Oh, Floogen – I wish I could love you more. Food is often the way to a man’s heart/stomach – whatever takes your fancy, but one of my things is stop-motion and experimental animation. I love it. Fuse that with a game? I love it.
From the get-go, I loved the presentation. It’s so visceral and gritty – not in a hard-boiled dick (detective) way, but how obvious this is a low-budget indie production. That’s acclaim. I like how everything from the characters to the scenery feels alive. But what about gameplay?
This is where it slips. Floogen is way too hard, to begin with. I found it challenging to identify the audience with this one as the art medium could appeal to a broad group of people, as would the platforming elements, but is it cute and for kids, or is it a Metroidvania for those looking for a break from FIFA and CoD?
It’s not that it’s a precision platformer, but it is… fiddly. I would explain the plot here, but I don’t know what was going on other than I needed to collect watermelons. I’m okay with that. You play a hash brown-like being and swiftly recruit two more clay friends with their own unique abilities.
Beginning with our hero in Floogen, you’ll smash some baddies in the face with an axe and collect said watermelons. Within your repertoire is a jump, roll/evade and attack. This setup was straightforward to process but hard to put into practice for the first stage. For what seemed like an age and an inevitable rage quit, I’d keep dying, being forced back to a checkpoint to relive Hell. And then I got what the watermelons did.
Each time you collect 50 watermelon slices, a watermelon will drop out of thin air for you to collect and exchange with the local merchant. Here you can increase your axe swinging and stamina to help with said swinging and rolling, and it’s possible to add more clay to your exterior to toughen up. A.K.A. health. This could be the placebo effect, but all of a sudden, my Floogen experience improved.
What was an initial arduous affair of jumping through dripping honey and rolling then jumping in the dark metamorphosed into something more palatable. No longer was I on the verge of quitting Floogen but admiring the art as I had in the trailer. Only now, it was no longer a passive experience.
The next level flew by, and it became apparent that I was getting it. Then we enter Hell and have to escape a rise in lava. This was when the clay hit the fan as the camera couldn’t keep up with my movements, and I’d frequently jump too soon, late, or the platform would give way. It wasn’t fun to repeat the same sequence repeatedly, nor did it help with a handful of screen freezing in some of the scenes.

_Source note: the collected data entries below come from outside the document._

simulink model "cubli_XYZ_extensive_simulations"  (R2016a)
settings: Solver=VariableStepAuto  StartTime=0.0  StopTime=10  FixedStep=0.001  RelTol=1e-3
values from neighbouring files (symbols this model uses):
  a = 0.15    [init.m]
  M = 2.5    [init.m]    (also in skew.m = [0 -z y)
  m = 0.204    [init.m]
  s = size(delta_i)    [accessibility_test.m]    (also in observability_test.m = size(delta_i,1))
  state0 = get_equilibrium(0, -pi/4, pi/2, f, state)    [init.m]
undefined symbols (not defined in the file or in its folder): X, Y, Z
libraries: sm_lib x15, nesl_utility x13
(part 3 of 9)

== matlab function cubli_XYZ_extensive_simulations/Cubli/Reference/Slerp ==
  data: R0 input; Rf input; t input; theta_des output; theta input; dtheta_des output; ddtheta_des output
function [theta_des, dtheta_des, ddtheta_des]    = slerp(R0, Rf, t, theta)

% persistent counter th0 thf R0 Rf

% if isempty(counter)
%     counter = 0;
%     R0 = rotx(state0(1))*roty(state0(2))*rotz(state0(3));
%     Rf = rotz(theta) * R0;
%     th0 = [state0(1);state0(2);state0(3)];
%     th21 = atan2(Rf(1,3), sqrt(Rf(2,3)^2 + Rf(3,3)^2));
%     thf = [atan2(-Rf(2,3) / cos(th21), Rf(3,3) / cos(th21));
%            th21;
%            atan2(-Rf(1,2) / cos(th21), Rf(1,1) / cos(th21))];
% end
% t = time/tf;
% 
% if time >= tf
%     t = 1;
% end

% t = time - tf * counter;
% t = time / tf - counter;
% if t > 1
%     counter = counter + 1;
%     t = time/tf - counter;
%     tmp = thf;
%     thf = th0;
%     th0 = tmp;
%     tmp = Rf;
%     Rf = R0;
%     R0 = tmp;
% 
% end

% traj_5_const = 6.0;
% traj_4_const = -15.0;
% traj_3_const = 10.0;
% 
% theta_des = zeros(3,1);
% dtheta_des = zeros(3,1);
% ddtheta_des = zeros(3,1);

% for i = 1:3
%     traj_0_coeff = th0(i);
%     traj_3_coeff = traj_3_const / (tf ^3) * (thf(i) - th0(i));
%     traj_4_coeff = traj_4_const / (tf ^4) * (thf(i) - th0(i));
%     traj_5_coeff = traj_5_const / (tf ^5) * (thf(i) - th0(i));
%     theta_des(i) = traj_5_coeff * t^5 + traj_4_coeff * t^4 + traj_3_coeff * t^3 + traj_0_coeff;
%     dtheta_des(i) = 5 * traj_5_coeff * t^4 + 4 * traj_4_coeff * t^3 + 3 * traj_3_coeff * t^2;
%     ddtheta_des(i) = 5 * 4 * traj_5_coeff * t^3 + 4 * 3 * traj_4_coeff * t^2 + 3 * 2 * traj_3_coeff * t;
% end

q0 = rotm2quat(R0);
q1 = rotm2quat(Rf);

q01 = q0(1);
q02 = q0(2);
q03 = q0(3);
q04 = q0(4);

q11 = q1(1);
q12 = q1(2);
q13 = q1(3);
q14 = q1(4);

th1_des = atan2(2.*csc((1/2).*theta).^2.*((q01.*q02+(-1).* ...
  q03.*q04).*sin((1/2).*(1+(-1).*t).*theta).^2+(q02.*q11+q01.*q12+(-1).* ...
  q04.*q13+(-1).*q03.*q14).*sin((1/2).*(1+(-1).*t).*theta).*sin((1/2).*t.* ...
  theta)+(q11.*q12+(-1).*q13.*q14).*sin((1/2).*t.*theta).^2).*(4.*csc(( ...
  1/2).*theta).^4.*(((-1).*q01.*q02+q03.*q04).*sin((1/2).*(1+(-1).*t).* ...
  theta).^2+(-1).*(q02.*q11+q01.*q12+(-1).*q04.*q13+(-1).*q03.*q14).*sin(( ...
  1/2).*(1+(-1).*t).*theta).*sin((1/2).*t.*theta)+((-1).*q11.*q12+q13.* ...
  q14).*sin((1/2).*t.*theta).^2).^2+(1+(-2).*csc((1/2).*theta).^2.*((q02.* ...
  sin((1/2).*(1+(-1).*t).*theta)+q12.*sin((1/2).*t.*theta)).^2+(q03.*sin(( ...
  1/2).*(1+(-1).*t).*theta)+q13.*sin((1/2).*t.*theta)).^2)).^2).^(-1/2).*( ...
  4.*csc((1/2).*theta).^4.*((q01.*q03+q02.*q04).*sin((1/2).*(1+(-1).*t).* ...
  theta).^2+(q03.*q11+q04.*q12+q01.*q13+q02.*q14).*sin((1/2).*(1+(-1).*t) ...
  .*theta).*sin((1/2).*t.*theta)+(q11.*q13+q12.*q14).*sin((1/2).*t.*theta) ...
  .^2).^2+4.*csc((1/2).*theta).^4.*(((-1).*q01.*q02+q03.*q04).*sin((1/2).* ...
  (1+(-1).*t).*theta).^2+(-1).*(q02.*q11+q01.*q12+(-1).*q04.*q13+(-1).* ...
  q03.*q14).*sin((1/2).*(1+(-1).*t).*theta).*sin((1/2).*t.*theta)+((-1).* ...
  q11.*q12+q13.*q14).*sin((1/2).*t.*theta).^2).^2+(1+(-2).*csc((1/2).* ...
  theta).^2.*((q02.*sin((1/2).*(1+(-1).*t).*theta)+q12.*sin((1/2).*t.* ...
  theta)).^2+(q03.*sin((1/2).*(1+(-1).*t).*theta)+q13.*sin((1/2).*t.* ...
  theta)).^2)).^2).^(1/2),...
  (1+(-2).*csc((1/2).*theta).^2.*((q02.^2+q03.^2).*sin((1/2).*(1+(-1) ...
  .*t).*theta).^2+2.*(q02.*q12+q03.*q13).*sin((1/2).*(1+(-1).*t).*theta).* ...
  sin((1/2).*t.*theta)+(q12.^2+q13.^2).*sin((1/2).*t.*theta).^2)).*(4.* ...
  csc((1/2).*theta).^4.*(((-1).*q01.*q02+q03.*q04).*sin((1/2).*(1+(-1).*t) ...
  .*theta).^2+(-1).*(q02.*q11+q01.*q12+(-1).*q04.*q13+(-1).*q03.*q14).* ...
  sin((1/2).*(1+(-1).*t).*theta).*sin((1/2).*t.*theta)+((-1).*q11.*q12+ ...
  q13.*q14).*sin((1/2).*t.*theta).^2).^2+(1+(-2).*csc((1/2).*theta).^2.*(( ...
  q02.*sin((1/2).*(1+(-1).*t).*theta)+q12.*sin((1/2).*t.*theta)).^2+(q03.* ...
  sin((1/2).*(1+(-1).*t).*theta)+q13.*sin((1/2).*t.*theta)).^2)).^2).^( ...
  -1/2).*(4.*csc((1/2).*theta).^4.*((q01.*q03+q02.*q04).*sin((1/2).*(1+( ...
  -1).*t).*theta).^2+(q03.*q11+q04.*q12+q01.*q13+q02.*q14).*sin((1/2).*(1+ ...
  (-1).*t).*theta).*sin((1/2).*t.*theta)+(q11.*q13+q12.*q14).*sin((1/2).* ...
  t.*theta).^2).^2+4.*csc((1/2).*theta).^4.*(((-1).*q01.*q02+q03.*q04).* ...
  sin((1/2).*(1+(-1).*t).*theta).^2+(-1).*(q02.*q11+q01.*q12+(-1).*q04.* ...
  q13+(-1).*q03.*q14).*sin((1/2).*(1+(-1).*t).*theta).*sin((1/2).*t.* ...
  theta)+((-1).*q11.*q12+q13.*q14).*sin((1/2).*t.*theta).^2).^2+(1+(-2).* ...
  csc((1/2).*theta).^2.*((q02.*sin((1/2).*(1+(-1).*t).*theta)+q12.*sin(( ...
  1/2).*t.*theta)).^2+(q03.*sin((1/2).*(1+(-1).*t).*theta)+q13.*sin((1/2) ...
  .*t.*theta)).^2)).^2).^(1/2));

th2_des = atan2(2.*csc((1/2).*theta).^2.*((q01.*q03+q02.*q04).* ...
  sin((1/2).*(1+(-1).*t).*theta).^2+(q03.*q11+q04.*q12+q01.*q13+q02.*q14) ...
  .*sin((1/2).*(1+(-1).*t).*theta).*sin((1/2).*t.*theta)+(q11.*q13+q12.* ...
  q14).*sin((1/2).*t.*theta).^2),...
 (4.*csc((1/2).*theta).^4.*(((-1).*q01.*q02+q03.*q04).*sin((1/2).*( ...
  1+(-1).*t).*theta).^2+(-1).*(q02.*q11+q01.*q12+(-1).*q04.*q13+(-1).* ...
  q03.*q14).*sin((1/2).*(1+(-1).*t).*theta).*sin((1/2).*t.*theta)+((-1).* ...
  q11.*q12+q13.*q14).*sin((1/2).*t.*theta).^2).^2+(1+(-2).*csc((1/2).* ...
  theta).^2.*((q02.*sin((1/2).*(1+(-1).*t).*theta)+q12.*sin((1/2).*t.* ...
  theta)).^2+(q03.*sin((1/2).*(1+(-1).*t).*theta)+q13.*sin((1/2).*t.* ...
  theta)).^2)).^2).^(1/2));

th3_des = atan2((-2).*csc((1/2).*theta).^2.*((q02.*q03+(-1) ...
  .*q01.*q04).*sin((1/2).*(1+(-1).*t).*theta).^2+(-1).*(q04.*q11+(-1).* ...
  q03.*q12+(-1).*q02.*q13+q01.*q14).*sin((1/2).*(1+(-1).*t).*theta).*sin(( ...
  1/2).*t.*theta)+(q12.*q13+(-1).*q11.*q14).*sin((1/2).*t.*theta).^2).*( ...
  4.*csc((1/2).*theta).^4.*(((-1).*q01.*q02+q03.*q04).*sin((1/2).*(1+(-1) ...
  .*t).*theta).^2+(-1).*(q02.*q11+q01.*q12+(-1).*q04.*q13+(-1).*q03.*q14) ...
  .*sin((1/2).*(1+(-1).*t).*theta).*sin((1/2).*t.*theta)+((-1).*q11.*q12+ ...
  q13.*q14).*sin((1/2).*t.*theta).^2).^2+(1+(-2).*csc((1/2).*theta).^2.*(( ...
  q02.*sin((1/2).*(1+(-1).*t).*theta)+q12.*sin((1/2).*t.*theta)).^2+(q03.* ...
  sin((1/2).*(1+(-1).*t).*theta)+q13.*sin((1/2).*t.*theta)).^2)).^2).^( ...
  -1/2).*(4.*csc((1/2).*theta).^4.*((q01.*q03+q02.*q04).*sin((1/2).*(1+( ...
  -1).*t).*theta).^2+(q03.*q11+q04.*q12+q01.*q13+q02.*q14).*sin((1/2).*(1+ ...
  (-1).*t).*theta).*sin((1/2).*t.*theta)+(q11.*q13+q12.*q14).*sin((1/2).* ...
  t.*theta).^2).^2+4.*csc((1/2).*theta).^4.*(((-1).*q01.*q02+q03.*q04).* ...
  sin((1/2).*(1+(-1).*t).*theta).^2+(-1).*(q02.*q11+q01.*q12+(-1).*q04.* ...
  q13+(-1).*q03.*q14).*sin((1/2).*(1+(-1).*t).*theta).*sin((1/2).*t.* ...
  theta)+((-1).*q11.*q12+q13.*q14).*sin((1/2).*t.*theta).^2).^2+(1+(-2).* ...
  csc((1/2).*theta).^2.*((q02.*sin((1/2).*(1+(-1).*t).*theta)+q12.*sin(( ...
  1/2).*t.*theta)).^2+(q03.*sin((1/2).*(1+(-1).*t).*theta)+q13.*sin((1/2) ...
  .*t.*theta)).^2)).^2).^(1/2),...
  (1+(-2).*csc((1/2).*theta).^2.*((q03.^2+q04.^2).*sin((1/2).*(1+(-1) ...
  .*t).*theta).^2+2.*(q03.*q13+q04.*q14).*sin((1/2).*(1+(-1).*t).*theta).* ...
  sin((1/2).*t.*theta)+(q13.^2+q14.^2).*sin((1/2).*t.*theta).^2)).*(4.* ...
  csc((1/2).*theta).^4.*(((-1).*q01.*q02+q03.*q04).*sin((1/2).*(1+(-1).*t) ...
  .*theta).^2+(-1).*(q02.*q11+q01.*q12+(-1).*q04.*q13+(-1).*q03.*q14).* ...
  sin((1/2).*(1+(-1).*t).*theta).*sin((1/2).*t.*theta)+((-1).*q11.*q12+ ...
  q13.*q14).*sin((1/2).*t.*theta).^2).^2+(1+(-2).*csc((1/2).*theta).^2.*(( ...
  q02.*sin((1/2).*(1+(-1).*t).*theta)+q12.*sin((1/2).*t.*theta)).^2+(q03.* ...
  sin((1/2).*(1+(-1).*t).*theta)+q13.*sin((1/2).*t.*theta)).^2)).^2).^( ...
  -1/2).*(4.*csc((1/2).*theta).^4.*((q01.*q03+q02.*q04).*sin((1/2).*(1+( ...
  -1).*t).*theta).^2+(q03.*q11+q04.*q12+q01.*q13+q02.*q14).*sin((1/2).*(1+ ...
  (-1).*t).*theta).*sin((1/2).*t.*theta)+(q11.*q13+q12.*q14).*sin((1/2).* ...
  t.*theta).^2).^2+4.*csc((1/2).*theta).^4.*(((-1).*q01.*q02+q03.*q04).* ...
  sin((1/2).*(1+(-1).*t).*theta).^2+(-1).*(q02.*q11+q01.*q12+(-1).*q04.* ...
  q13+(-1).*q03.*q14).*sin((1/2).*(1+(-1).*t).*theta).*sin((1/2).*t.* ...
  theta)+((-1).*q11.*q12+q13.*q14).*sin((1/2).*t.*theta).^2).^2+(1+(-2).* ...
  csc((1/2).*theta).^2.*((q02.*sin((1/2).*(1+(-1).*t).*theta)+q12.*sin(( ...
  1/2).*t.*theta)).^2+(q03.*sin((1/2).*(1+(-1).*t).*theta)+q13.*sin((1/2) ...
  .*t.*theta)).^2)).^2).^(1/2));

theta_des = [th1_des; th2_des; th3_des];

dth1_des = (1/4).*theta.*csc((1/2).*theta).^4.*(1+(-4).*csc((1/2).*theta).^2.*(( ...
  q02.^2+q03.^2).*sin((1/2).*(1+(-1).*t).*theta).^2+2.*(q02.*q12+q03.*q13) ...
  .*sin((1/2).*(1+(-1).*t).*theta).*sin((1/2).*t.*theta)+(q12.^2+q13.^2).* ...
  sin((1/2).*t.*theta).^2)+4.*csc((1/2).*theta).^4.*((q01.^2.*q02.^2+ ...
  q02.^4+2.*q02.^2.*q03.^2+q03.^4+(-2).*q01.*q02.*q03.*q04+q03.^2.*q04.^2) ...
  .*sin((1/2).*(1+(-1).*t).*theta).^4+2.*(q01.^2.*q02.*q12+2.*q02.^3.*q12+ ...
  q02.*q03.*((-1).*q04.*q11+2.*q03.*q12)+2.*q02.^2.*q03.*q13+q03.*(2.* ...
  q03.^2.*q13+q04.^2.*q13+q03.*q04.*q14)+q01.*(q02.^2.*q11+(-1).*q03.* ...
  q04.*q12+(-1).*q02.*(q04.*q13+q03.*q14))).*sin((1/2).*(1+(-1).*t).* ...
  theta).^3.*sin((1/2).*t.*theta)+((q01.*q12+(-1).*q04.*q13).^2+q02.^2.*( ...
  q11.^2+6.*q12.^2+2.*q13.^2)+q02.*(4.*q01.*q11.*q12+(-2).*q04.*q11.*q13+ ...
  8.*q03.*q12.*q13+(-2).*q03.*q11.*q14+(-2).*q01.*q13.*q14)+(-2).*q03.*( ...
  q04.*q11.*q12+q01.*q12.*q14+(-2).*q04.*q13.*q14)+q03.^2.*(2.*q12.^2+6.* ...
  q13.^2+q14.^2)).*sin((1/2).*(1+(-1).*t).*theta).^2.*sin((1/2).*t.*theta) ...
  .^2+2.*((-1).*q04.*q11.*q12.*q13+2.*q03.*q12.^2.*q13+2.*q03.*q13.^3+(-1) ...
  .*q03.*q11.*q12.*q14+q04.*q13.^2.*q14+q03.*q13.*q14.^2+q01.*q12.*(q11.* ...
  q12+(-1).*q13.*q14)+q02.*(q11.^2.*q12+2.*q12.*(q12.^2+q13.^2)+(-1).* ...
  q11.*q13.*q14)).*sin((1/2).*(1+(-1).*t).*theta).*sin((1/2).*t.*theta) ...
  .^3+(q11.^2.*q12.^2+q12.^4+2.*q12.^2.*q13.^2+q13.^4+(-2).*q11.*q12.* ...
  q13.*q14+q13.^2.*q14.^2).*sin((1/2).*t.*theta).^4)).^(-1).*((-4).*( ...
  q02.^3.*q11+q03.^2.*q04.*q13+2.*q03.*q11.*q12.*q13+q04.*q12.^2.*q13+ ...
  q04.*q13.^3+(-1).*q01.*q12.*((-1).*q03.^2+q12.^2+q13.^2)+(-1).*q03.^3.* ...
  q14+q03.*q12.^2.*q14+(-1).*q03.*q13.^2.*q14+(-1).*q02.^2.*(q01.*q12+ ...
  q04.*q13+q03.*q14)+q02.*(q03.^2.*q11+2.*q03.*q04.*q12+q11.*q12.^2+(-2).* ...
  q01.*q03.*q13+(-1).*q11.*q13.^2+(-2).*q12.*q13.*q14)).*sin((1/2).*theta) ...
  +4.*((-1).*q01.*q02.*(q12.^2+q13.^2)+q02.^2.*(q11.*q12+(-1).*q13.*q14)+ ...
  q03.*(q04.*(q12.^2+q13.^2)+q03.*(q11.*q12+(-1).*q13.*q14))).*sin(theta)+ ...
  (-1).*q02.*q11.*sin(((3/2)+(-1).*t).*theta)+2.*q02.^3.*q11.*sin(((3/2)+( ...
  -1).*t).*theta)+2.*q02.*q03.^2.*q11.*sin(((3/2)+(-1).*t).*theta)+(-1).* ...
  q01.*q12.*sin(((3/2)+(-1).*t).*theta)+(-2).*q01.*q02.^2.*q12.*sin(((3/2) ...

Resorting back to a classic trait of mine, I started grinding levels to upgrade, but this was no longer helping, and it became apparent I’d hit a wall. As I began this write-up, I wish I could love Floogen more, but there are so many frustrating elements that it’s not something I can confidently recommend. Naturally, that’s a subjective aspect, but it requires more patience than anticipated.
It’s a shame as it’s clear a lot of work has gone into this from Ian Levesque. It genuinely was rewarding to see cutscenes in full stop-motion, making the frustrating bits worth sticking out. As this is a port by RedDeer Games, I had a look at the consensus on Steam, and it looks all positive, so don’t take my opinion as the decision-maker as I may be in the minority. All I’m saying is to be prepared for some hard work from the get-go and some frustrating mechanics. Floogen on the Switch might be worth a look-see if you can get past that.